BEGIN Records for the exercise
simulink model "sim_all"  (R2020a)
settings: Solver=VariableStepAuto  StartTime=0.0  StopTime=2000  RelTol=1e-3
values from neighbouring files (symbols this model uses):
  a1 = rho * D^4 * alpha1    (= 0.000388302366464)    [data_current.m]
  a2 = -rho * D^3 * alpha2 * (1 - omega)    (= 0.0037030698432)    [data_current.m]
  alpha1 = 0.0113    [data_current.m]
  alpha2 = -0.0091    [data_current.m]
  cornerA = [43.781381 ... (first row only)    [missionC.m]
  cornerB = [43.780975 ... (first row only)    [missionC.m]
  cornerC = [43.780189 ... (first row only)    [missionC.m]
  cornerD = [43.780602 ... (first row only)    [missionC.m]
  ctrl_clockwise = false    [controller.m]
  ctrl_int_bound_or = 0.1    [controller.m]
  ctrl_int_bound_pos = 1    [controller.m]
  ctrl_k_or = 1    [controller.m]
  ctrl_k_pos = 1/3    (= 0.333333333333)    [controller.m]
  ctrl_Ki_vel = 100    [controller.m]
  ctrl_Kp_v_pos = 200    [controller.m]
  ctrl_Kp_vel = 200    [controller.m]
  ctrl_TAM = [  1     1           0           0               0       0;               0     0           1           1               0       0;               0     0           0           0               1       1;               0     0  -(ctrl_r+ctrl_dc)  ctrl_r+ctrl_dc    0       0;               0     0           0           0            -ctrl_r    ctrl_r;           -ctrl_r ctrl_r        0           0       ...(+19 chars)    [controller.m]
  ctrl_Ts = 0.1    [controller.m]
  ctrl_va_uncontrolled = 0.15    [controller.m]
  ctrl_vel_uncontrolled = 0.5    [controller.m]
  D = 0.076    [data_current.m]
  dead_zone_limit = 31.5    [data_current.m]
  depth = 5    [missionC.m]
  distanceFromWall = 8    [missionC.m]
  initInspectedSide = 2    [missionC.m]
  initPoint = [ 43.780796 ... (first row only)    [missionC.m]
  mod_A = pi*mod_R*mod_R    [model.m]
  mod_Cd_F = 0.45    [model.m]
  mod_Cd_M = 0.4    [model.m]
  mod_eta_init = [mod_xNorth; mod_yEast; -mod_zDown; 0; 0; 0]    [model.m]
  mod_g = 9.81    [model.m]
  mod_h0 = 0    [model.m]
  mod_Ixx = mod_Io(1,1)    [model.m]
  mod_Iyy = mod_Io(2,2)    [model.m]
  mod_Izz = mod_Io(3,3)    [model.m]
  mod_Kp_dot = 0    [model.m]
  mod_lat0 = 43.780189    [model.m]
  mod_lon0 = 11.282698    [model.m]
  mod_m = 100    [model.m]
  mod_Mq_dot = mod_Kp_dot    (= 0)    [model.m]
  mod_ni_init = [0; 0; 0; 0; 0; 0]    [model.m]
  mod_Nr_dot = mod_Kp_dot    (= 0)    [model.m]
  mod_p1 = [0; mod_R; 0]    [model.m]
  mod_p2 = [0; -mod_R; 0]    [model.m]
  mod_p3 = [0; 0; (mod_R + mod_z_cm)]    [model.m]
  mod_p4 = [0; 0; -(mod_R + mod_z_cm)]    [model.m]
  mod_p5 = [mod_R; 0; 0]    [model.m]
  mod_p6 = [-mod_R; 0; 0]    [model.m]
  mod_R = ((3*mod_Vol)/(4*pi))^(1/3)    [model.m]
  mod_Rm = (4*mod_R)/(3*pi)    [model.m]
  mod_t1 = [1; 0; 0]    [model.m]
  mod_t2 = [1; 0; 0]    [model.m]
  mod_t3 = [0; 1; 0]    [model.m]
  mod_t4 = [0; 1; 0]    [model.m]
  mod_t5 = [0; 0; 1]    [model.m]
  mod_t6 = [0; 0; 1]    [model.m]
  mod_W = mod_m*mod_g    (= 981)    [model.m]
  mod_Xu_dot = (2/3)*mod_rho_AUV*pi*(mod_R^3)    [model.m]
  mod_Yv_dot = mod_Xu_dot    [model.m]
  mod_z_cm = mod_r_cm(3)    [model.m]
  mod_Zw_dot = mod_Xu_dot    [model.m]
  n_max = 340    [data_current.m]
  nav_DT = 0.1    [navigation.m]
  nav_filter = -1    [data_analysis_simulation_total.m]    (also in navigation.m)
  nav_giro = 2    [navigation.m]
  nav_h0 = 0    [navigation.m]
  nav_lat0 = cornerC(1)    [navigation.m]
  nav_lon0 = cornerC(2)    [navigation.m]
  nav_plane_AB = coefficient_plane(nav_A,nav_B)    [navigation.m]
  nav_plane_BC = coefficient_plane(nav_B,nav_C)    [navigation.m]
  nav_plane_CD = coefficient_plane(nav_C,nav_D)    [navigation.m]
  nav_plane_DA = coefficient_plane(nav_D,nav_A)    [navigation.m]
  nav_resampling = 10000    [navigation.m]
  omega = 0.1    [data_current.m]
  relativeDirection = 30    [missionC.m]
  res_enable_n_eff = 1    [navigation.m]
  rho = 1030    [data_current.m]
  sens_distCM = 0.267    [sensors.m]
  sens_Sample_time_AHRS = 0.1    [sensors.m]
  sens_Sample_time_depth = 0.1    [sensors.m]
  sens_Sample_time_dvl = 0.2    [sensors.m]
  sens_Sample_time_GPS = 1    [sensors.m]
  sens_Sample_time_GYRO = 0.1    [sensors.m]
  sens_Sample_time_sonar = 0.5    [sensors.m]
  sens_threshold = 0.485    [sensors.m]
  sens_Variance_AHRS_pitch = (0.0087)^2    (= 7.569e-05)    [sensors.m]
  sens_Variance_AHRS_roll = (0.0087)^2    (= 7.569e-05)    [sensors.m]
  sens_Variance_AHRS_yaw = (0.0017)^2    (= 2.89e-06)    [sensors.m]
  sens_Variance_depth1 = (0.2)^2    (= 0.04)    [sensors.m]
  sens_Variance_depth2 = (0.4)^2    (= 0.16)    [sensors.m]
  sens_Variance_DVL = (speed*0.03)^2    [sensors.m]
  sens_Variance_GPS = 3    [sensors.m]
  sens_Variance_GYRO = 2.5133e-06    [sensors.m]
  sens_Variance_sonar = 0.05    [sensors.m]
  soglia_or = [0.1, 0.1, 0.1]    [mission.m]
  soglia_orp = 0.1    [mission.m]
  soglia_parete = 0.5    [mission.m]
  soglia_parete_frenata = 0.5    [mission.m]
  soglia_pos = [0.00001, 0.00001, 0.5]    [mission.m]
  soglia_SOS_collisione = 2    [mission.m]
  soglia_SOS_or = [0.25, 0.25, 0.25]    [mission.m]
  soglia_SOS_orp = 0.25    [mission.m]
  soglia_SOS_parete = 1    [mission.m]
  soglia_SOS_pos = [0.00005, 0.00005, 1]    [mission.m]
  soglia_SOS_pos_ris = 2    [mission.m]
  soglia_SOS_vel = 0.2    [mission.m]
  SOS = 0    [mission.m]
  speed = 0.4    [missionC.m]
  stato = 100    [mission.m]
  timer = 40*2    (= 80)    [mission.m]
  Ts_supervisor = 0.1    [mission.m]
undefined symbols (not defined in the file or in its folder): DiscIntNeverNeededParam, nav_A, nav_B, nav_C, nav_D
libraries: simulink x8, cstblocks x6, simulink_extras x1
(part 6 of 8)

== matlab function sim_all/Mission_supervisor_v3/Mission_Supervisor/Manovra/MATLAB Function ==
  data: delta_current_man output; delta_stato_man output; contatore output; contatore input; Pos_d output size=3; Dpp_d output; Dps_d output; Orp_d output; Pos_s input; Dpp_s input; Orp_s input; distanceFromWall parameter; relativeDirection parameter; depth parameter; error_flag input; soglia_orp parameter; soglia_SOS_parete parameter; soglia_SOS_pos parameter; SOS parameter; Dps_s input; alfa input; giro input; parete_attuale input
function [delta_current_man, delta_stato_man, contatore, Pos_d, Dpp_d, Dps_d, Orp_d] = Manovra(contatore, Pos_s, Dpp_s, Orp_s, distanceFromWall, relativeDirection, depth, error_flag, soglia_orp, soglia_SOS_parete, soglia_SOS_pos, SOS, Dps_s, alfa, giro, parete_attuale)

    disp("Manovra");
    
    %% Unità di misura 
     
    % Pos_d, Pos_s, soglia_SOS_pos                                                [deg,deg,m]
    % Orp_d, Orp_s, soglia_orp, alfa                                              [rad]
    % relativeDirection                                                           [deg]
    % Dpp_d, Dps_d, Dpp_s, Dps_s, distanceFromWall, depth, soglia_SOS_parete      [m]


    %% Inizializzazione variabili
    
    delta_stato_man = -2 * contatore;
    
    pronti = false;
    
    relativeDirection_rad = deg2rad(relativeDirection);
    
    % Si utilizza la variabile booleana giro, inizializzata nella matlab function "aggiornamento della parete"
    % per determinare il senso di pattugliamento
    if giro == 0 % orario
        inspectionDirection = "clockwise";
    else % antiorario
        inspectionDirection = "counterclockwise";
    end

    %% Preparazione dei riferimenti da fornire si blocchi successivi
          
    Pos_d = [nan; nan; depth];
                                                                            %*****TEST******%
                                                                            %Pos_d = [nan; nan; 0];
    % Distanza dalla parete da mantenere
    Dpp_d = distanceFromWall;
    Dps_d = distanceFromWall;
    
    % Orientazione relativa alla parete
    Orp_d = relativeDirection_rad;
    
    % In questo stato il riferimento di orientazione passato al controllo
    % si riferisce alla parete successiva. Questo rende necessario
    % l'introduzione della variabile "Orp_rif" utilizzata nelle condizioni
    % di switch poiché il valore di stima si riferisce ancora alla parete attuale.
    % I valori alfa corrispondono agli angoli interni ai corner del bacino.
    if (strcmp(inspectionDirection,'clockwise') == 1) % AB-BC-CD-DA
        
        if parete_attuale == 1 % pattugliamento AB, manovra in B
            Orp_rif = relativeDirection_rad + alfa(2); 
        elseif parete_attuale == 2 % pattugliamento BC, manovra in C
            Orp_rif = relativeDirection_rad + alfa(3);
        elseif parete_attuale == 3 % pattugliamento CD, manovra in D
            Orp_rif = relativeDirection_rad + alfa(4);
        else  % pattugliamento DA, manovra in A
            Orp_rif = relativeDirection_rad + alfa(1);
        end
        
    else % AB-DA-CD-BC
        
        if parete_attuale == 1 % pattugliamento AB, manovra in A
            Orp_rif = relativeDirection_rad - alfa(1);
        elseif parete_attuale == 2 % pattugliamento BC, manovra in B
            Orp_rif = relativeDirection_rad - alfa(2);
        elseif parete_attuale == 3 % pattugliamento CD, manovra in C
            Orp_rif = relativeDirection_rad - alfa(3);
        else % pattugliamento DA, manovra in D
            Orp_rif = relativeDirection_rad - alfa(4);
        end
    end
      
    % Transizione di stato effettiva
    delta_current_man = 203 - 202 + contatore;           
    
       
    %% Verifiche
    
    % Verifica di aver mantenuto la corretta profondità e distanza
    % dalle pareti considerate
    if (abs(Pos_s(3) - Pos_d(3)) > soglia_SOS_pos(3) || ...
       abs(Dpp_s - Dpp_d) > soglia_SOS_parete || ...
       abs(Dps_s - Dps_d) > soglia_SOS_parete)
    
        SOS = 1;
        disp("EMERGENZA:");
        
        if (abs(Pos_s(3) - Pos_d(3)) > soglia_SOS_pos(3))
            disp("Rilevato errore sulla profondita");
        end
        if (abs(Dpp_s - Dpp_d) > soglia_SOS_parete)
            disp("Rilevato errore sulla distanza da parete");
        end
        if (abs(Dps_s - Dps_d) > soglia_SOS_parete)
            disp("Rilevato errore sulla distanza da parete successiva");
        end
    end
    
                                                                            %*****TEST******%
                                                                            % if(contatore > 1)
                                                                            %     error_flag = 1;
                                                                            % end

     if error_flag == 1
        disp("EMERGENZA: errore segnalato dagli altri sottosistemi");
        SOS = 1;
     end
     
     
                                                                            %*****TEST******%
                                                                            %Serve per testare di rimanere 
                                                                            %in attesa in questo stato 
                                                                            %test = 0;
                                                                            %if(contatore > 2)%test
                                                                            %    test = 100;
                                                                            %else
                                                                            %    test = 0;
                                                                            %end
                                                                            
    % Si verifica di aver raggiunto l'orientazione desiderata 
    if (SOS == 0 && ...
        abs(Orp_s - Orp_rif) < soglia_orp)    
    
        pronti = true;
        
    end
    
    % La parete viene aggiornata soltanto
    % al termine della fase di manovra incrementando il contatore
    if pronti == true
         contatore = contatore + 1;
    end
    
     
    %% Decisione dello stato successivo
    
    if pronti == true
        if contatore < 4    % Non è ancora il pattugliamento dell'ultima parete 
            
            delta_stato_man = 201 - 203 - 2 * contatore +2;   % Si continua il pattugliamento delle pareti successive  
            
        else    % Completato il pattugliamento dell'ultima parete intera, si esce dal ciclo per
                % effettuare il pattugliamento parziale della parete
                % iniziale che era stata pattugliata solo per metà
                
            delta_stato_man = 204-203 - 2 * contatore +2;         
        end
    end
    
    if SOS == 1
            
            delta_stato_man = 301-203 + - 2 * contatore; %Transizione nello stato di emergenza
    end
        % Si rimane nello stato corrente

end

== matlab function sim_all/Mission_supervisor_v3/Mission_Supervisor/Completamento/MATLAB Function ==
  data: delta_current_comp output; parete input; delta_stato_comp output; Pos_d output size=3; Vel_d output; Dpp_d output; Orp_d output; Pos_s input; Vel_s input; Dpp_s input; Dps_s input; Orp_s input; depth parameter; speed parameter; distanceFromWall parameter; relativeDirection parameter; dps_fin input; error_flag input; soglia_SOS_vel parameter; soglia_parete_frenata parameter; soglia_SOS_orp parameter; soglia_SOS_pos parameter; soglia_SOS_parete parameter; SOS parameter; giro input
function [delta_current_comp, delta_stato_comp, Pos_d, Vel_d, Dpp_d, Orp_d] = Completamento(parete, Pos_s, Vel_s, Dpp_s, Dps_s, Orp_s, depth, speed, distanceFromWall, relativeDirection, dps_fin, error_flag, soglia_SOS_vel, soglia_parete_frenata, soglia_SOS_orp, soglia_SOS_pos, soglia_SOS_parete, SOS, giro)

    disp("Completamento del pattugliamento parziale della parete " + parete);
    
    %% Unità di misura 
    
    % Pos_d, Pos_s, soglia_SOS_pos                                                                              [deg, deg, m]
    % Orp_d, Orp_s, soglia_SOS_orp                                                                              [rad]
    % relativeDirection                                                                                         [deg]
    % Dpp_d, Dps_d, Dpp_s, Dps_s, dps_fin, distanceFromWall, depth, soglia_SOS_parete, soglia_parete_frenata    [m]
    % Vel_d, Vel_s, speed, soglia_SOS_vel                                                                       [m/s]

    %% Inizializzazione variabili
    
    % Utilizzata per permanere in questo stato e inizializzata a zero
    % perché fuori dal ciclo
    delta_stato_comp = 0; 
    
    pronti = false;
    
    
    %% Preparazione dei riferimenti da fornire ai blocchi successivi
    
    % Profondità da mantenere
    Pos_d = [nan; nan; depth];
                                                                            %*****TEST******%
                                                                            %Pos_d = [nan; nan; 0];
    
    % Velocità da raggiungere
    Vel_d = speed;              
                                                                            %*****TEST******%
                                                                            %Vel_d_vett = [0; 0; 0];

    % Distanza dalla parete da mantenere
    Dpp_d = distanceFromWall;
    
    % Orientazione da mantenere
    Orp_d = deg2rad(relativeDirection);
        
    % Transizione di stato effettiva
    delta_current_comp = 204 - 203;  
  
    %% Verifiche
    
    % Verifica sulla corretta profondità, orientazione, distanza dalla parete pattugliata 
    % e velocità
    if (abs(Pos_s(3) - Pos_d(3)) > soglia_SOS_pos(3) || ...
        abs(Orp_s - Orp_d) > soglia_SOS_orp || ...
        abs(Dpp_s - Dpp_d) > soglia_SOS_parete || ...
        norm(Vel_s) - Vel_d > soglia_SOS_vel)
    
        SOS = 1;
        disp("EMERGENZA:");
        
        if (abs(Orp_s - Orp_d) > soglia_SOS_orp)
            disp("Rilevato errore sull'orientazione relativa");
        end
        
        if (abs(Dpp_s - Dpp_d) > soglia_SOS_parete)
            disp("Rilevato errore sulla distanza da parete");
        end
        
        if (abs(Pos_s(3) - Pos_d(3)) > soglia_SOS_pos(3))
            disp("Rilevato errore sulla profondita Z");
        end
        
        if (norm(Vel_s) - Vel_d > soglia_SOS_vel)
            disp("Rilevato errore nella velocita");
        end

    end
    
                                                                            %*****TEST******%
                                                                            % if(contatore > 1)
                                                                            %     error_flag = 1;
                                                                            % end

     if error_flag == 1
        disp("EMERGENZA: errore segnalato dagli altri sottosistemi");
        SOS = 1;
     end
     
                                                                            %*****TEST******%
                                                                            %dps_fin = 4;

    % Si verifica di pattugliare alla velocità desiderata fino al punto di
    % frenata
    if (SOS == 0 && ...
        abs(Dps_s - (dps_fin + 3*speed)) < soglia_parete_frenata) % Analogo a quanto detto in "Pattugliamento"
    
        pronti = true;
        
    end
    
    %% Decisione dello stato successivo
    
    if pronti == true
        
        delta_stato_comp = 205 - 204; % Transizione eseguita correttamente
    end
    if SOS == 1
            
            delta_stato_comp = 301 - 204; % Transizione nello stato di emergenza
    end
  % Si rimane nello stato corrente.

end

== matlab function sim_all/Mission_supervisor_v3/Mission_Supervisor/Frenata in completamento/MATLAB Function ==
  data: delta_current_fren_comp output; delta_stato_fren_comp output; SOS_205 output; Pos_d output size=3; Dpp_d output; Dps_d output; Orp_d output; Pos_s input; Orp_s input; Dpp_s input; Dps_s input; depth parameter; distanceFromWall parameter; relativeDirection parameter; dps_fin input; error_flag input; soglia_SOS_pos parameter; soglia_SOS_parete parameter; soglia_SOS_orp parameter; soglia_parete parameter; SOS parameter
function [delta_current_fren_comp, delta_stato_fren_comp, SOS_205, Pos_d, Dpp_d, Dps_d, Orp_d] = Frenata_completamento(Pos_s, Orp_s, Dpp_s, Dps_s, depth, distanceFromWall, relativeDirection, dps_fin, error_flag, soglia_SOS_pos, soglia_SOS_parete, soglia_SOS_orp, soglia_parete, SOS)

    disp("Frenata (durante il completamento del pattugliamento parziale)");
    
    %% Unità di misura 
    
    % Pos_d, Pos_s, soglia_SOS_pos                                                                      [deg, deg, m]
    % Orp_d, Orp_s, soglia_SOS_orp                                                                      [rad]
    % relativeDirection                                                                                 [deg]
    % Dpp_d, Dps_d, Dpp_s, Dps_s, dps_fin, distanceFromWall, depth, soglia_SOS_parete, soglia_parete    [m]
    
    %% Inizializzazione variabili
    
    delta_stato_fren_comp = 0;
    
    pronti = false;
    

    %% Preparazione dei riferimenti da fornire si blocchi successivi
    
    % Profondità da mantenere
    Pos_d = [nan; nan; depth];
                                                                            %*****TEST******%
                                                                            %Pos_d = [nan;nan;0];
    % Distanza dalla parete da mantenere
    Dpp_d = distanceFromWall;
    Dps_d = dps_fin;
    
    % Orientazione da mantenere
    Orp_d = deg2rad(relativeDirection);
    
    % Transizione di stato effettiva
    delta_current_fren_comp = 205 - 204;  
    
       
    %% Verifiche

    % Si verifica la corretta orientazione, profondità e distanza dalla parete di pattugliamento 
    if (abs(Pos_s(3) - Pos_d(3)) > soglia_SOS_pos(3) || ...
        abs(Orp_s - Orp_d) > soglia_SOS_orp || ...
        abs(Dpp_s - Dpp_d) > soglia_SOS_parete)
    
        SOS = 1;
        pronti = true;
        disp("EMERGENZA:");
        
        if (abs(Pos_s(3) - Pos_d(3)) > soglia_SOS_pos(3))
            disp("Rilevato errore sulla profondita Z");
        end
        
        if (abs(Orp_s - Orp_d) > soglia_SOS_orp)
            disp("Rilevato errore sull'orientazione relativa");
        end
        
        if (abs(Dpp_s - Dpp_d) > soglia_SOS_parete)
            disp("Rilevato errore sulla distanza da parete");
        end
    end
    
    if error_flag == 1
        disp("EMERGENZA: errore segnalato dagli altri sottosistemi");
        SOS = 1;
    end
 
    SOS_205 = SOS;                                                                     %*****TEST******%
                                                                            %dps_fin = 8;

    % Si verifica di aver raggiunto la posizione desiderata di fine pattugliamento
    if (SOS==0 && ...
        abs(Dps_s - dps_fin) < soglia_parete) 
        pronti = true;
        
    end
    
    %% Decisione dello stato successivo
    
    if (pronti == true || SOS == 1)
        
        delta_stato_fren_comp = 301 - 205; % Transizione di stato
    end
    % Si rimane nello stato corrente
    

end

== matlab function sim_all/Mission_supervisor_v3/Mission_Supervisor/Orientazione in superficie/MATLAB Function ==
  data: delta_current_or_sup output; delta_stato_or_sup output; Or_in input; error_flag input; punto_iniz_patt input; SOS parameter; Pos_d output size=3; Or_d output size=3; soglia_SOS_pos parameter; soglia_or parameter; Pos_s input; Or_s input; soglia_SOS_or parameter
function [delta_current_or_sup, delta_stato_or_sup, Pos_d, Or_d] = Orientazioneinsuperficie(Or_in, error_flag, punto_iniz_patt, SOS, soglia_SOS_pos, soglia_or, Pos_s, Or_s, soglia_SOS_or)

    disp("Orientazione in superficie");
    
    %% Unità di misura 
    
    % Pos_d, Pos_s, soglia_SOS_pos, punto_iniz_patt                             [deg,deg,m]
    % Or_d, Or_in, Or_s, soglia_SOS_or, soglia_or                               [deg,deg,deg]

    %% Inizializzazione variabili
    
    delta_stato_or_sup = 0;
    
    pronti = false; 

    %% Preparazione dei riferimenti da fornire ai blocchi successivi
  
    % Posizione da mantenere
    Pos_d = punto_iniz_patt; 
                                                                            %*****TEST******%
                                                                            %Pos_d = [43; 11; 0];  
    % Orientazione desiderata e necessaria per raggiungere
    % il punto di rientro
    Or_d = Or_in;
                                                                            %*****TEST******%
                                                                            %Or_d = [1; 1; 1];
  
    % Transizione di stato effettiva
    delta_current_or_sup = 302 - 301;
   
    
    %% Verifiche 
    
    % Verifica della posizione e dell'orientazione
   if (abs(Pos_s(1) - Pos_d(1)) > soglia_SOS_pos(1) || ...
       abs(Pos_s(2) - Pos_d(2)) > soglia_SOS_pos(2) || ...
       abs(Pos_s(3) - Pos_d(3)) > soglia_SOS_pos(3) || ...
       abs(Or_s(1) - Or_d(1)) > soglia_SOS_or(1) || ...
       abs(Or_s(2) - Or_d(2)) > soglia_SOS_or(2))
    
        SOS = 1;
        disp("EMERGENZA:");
END Records for the exercise
**Task details**
Nothing but the lines above from the one containing "alla parete attuale." through the one containing "if parete_attuale == 1 % pattugliamento AB, manovra in B" should appear in the answer, each repeated exactly.

**Output of the task**
    % di switch poiché il valore di stima si riferisce ancora alla parete attuale.
    % I valori alfa corrispondono agli angoli interni ai corner del bacino.
    if (strcmp(inspectionDirection,'clockwise') == 1) % AB-BC-CD-DA
        
        if parete_attuale == 1 % pattugliamento AB, manovra in B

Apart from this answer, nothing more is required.